# WHAT TO PRODUCE
In the entries that follow, how many lines contain "after"? Please reply with only the number.
──────── THE RECORDS ────────
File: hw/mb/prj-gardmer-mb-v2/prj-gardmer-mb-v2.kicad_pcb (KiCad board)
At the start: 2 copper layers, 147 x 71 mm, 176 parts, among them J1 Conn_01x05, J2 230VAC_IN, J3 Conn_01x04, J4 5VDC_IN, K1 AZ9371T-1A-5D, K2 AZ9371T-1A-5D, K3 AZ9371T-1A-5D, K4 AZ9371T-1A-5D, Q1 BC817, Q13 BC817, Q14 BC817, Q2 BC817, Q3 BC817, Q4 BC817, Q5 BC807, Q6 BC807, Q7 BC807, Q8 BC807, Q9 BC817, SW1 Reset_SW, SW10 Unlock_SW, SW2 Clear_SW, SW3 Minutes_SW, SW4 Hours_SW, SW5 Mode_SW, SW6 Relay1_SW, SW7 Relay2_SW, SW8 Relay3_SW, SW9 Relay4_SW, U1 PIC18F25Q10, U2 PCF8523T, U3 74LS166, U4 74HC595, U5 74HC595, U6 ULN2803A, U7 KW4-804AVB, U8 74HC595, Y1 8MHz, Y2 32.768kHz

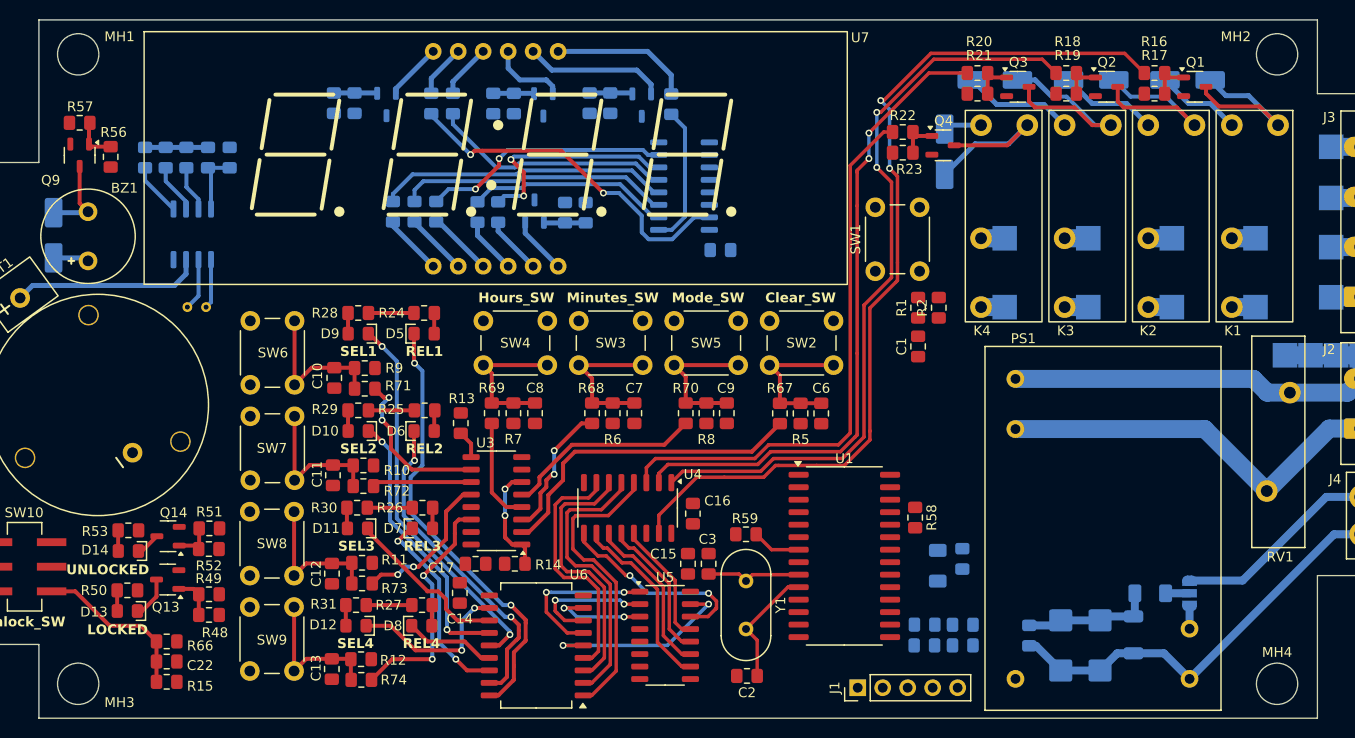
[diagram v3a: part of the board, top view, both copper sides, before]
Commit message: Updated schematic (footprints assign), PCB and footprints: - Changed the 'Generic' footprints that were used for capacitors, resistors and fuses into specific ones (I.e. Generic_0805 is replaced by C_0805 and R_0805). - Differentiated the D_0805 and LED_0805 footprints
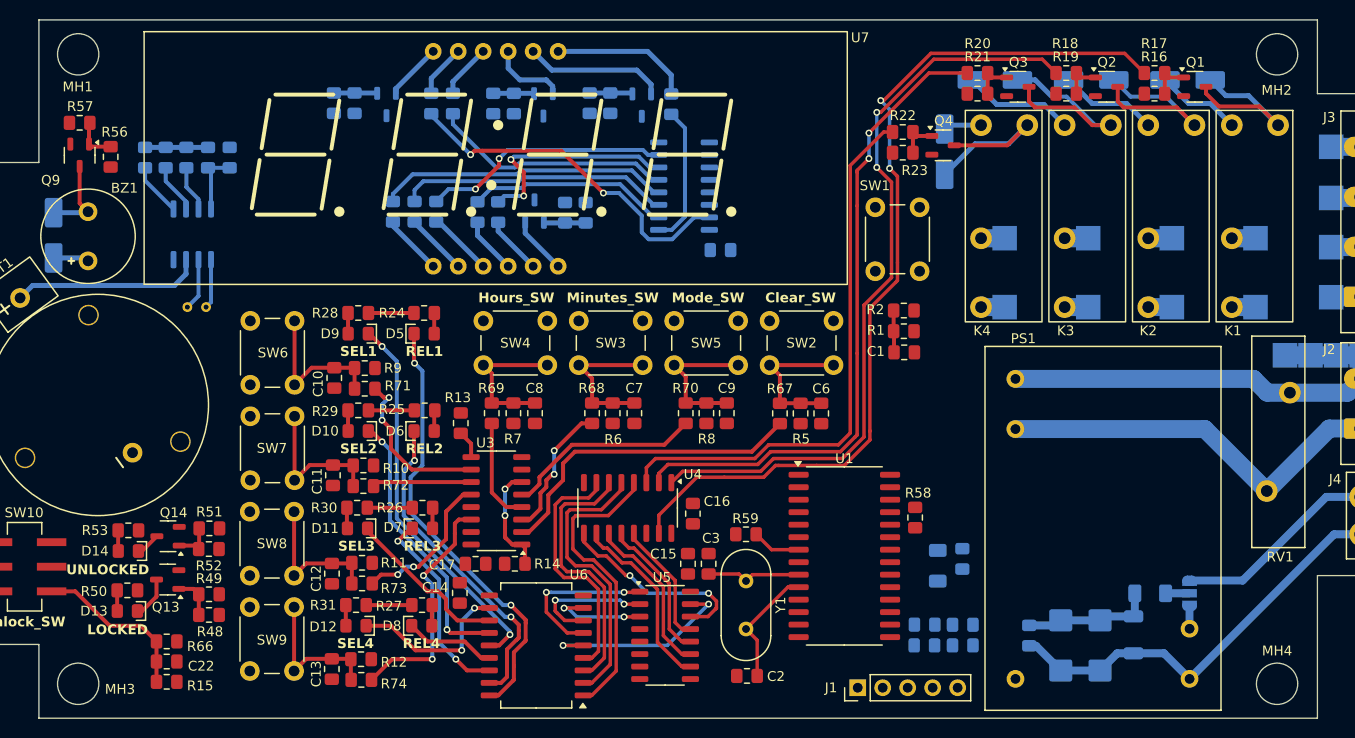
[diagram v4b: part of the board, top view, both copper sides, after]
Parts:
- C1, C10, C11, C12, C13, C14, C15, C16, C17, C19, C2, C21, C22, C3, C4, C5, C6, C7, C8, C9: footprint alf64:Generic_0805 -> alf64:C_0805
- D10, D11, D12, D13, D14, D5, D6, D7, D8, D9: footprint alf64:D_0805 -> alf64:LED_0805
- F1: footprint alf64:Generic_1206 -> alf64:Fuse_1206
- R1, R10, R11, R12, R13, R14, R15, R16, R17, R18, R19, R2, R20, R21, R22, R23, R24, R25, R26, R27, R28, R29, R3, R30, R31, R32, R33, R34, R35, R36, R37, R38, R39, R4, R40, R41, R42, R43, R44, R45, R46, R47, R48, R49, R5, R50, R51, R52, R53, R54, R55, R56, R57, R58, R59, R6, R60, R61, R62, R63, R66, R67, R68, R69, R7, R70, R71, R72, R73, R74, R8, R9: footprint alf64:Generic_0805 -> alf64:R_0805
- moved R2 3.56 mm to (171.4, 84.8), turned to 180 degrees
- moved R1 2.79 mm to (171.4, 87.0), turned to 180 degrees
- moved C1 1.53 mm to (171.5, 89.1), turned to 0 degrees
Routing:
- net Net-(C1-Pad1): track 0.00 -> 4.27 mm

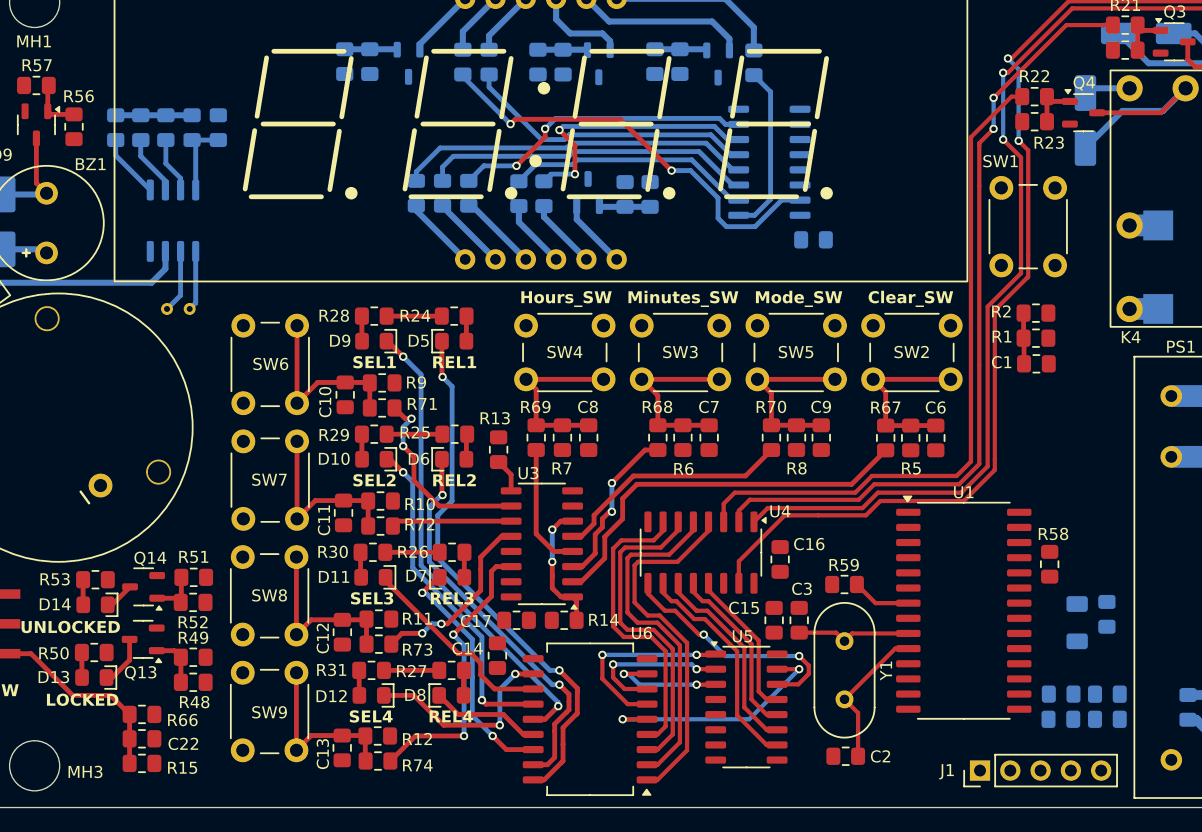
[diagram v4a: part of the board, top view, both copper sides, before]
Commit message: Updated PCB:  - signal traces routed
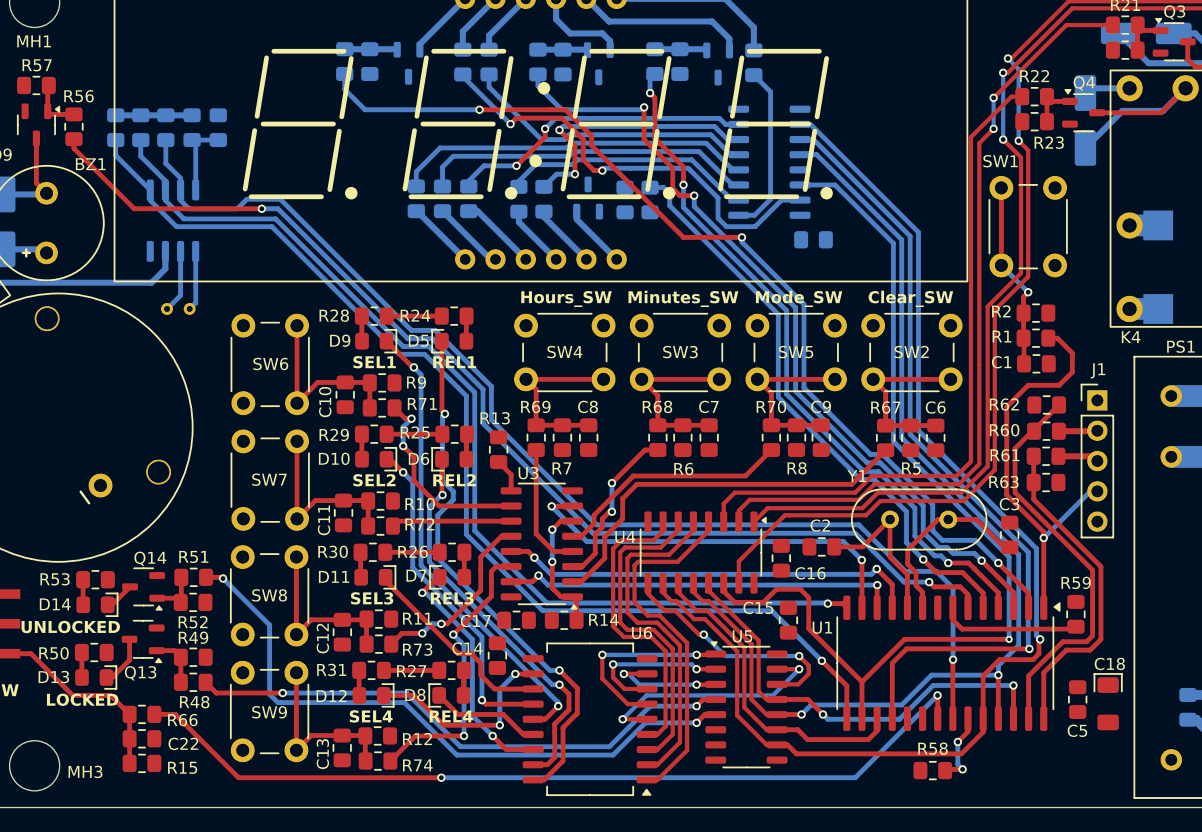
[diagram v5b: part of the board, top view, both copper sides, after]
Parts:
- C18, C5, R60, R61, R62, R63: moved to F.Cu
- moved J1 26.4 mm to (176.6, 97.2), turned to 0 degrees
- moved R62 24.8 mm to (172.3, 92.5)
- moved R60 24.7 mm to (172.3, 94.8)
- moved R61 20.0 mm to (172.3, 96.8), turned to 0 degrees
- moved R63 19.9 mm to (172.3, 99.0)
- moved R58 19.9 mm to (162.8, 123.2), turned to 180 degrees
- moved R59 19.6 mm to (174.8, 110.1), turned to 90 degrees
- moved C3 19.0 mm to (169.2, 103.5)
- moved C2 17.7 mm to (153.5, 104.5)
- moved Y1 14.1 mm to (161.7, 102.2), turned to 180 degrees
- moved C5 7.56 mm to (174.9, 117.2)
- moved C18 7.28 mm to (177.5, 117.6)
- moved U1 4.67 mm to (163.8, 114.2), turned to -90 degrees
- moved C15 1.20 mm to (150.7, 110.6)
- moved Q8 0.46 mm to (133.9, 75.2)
────────
# RESULT OF THIS EXERCISE
2